What the exercise asks: Make an exact copy of the records that follow, with each picture omitted.

Available records:
Content starts

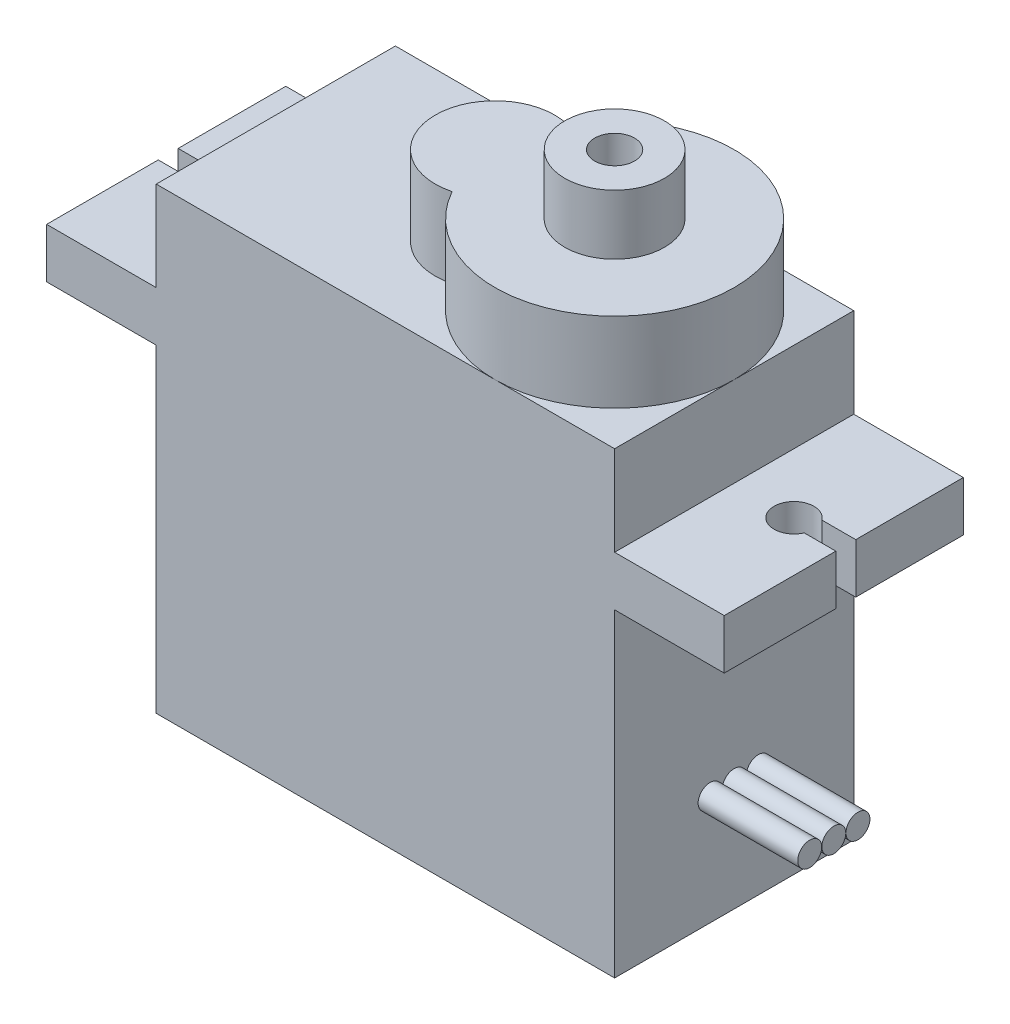
SolidWorks part; units mm, degrees
material "Rubber"
ref_plane "Front Plane" through (0, 0, 0) normal (0, 0, 1) x (1, 0, 0)
ref_plane "Top Plane" through (0, 0, 0) normal (0, 1, 0) x (1, 0, 0)
ref_plane "Right Plane" through (0, 0, 0) normal (1, 0, 0) x (0, 0, -1)
sketch "Sketch1" plane through (0, 0, 0) normal (0, 1, 0) x (1, 0, 0)
  line L1 (-11.5, -6) -> (11.5, -6)
  line L2 (-11.5, -6) -> (-11.5, 6)
  line L3 (-11.5, 6) -> (11.5, 6)
  line L4 (11.5, -6) -> (11.5, 6)
  line L5 (-11.5, -6) -> (11.5, 6) construction
  line L6 (-11.5, 6) -> (11.5, -6) construction
  point P0 (0, 0)
  dimension "D1" = 12
  dimension "D2" = 23
extrude "Boss-Extrude1" add sketch "Sketch1" along normal blind 23
sketch "Sketch2" plane through (-11.5, 0, 0) normal (-1, 0, 0) x (0, 0, 1)
  line L0 (-6, 23) -> (-6, 0) construction
  line L1 (-6, 18.5) -> (6, 18.5)
  line L2 (-6, 18.5) -> (-6, 16)
  line L3 (-6, 16) -> (6, 16)
  line L4 (6, 18.5) -> (6, 16)
  line L5 (6, 23) -> (6, 0) construction
  line L6 (-6, 0) -> (6, 0) construction
  dimension "D1" = 16
  dimension "D2" = 2.5
extrude "Boss-Extrude2" add sketch "Sketch2" along normal blind 5.5
sketch "Sketch3" plane through (0, 18.5, 0) normal (0, 1, 0) x (1, 0, 0)
  line L0 (-17, -6) -> (-17, 6) construction
  line L1 (-17, 0.6) -> (-15.3, 0.6)
  line L2 (-17, 0.6) -> (-17, -0.4)
  line L4 (-17, -0.4) -> (-15.4165, -0.4)
  line L6 (-11.5, -6) -> (-11.5, 6) construction
  arc A0 (-15.4165, -0.4) -> (-15.3, 0.6) centre (-14.5, 0) ccw
  point P10 (-11.5, 0)
  dimension "D1" = 2.5
  dimension "D2" = 2
  dimension "D3" = 1
extrude "Cut-Extrude1" cut sketch "Sketch3" against normal blind 5
mirror "Mirror1" about plane through (0, 0, 0) normal (1, 0, 0) of "Cut-Extrude1", "Boss-Extrude2"
sketch "Sketch4" plane through (0, 23, 0) normal (0, 1, 0) x (1, 0, 0)
  line L1 (11.5, -6) -> (11.5, 6) construction
  arc A0 (0.25, -2.9047) -> (0.25, 2.9047) centre (5.5, 0) ccw
  arc A1 (0.25, 2.9047) -> (0.25, -2.9047) centre (-0.5, 0) ccw
  dimension "D1" = 12
  dimension "D3" = 6
  dimension "D4" = 6
  dimension "D2" = 6
extrude "Boss-Extrude3" add sketch "Sketch4" along normal blind 4
sketch "Sketch5" plane through (0, 27, 0) normal (0, 1, 0) x (1, 0, 0)
  circle A0 centre (5.5, 0) radius 2.5
  circle A1 centre (5.5, 0) radius 6 construction
  circle A2 centre (5.5, 0) radius 1
  dimension "D1" = 0
  dimension "D2" = 5
  dimension "D3" = 2
extrude "Boss-Extrude4" add sketch "Sketch5" along normal blind 3
sketch "Sketch7" plane through (11.5, 0, 0) normal (1, 0, 0) x (0, 0, -1)
  circle A0 centre (0, 5.5) radius 0.6
  circle A1 centre (1.21, 5.5) radius 0.6
  circle A2 centre (-1.21, 5.5) radius 0.6
  dimension "D1" = 1.2
  dimension "D2" = 1.2
  dimension "D3" = 1.2
  dimension "D4" = 10.5
  dimension "D5" = 1.21
  dimension "D6" = 1.21
extrude "Boss-Extrude8" add sketch "Sketch7" along normal blind 5
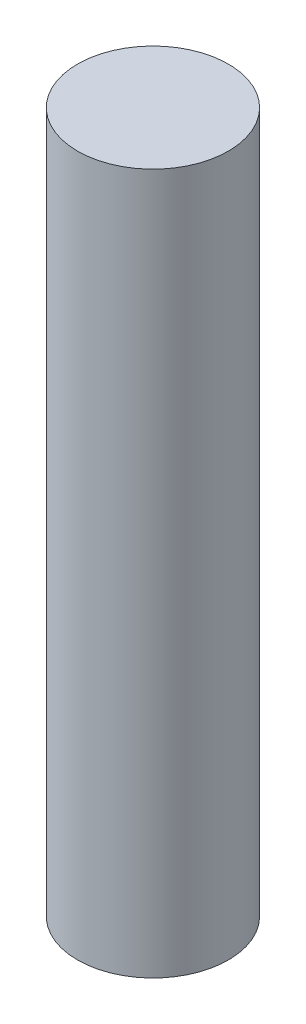
SolidWorks part; units mm, degrees
ref_plane "Front Plane" through (0, 0, 0) normal (0, 0, 1) x (1, 0, 0)
ref_plane "Top Plane" through (0, 0, 0) normal (0, 1, 0) x (1, 0, 0)
ref_plane "Right Plane" through (0, 0, 0) normal (1, 0, 0) x (0, 0, -1)
sketch "Sketch1" plane through (0, 0, 0) normal (0, 1, 0) x (1, 0, 0)
  circle A0 centre (0, 0) radius 1.4
  dimension "2.8" = 2.8
extrude "Boss-Extrude1" add sketch "Sketch1" along normal blind 10
sketch "Sketch2" plane through (0, 10, 0) normal (0, 1, 0) x (1, 0, 0)
  circle A0 centre (0, 0) radius 1.4
  dimension "D1" = 2.8
extrude "Boss-Extrude2" add sketch "Sketch2" along normal blind 3

Content ends

Finished exercise:
SolidWorks part; units mm, degrees
material "Rubber"
ref_plane "Front Plane" through (0, 0, 0) normal (0, 0, 1) x (1, 0, 0)
ref_plane "Top Plane" through (0, 0, 0) normal (0, 1, 0) x (1, 0, 0)
ref_plane "Right Plane" through (0, 0, 0) normal (1, 0, 0) x (0, 0, -1)
sketch "Sketch1" plane through (0, 0, 0) normal (0, 1, 0) x (1, 0, 0)
  line L1 (-11.5, -6) -> (11.5, -6)
  line L2 (-11.5, -6) -> (-11.5, 6)
  line L3 (-11.5, 6) -> (11.5, 6)
  line L4 (11.5, -6) -> (11.5, 6)
  line L5 (-11.5, -6) -> (11.5, 6) construction
  line L6 (-11.5, 6) -> (11.5, -6) construction
  point P0 (0, 0)
  dimension "D1" = 12
  dimension "D2" = 23
extrude "Boss-Extrude1" add sketch "Sketch1" along normal blind 23
sketch "Sketch2" plane through (-11.5, 0, 0) normal (-1, 0, 0) x (0, 0, 1)
  line L0 (-6, 23) -> (-6, 0) construction
  line L1 (-6, 18.5) -> (6, 18.5)
  line L2 (-6, 18.5) -> (-6, 16)
  line L3 (-6, 16) -> (6, 16)
  line L4 (6, 18.5) -> (6, 16)
  line L5 (6, 23) -> (6, 0) construction
  line L6 (-6, 0) -> (6, 0) construction
  dimension "D1" = 16
  dimension "D2" = 2.5
extrude "Boss-Extrude2" add sketch "Sketch2" along normal blind 5.5
sketch "Sketch3" plane through (0, 18.5, 0) normal (0, 1, 0) x (1, 0, 0)
  line L0 (-17, -6) -> (-17, 6) construction
  line L1 (-17, 0.6) -> (-15.3, 0.6)
  line L2 (-17, 0.6) -> (-17, -0.4)
  line L4 (-17, -0.4) -> (-15.4165, -0.4)
  line L6 (-11.5, -6) -> (-11.5, 6) construction
  arc A0 (-15.4165, -0.4) -> (-15.3, 0.6) centre (-14.5, 0) ccw
  point P10 (-11.5, 0)
  dimension "D1" = 2.5
  dimension "D2" = 2
  dimension "D3" = 1
extrude "Cut-Extrude1" cut sketch "Sketch3" against normal blind 5
mirror "Mirror1" about plane through (0, 0, 0) normal (1, 0, 0) of "Cut-Extrude1", "Boss-Extrude2"
sketch "Sketch4" plane through (0, 23, 0) normal (0, 1, 0) x (1, 0, 0)
  line L1 (11.5, -6) -> (11.5, 6) construction
  arc A0 (0.25, -2.9047) -> (0.25, 2.9047) centre (5.5, 0) ccw
  arc A1 (0.25, 2.9047) -> (0.25, -2.9047) centre (-0.5, 0) ccw
  dimension "D1" = 12
  dimension "D3" = 6
  dimension "D4" = 6
  dimension "D2" = 6
extrude "Boss-Extrude3" add sketch "Sketch4" along normal blind 4
sketch "Sketch5" plane through (0, 27, 0) normal (0, 1, 0) x (1, 0, 0)
  circle A0 centre (5.5, 0) radius 2.5
  circle A1 centre (5.5, 0) radius 6 construction
  circle A2 centre (5.5, 0) radius 1
  dimension "D1" = 0
  dimension "D2" = 5
  dimension "D3" = 2
extrude "Boss-Extrude4" add sketch "Sketch5" along normal blind 3
sketch "Sketch7" plane through (11.5, 0, 0) normal (1, 0, 0) x (0, 0, -1)
  circle A0 centre (0, 5.5) radius 0.6
  circle A1 centre (1.21, 5.5) radius 0.6
  circle A2 centre (-1.21, 5.5) radius 0.6
  dimension "D1" = 1.2
  dimension "D2" = 1.2
  dimension "D3" = 1.2
  dimension "D4" = 10.5
  dimension "D5" = 1.21
  dimension "D6" = 1.21
extrude "Boss-Extrude8" add sketch "Sketch7" along normal blind 5
SolidWorks part; units mm, degrees
ref_plane "Front Plane" through (0, 0, 0) normal (0, 0, 1) x (1, 0, 0)
ref_plane "Top Plane" through (0, 0, 0) normal (0, 1, 0) x (1, 0, 0)
ref_plane "Right Plane" through (0, 0, 0) normal (1, 0, 0) x (0, 0, -1)
sketch "Sketch1" plane through (0, 0, 0) normal (0, 1, 0) x (1, 0, 0)
  circle A0 centre (0, 0) radius 1.4
  dimension "2.8" = 2.8
extrude "Boss-Extrude1" add sketch "Sketch1" along normal blind 10
sketch "Sketch2" plane through (0, 10, 0) normal (0, 1, 0) x (1, 0, 0)
  circle A0 centre (0, 0) radius 1.4
  dimension "D1" = 2.8
extrude "Boss-Extrude2" add sketch "Sketch2" along normal blind 3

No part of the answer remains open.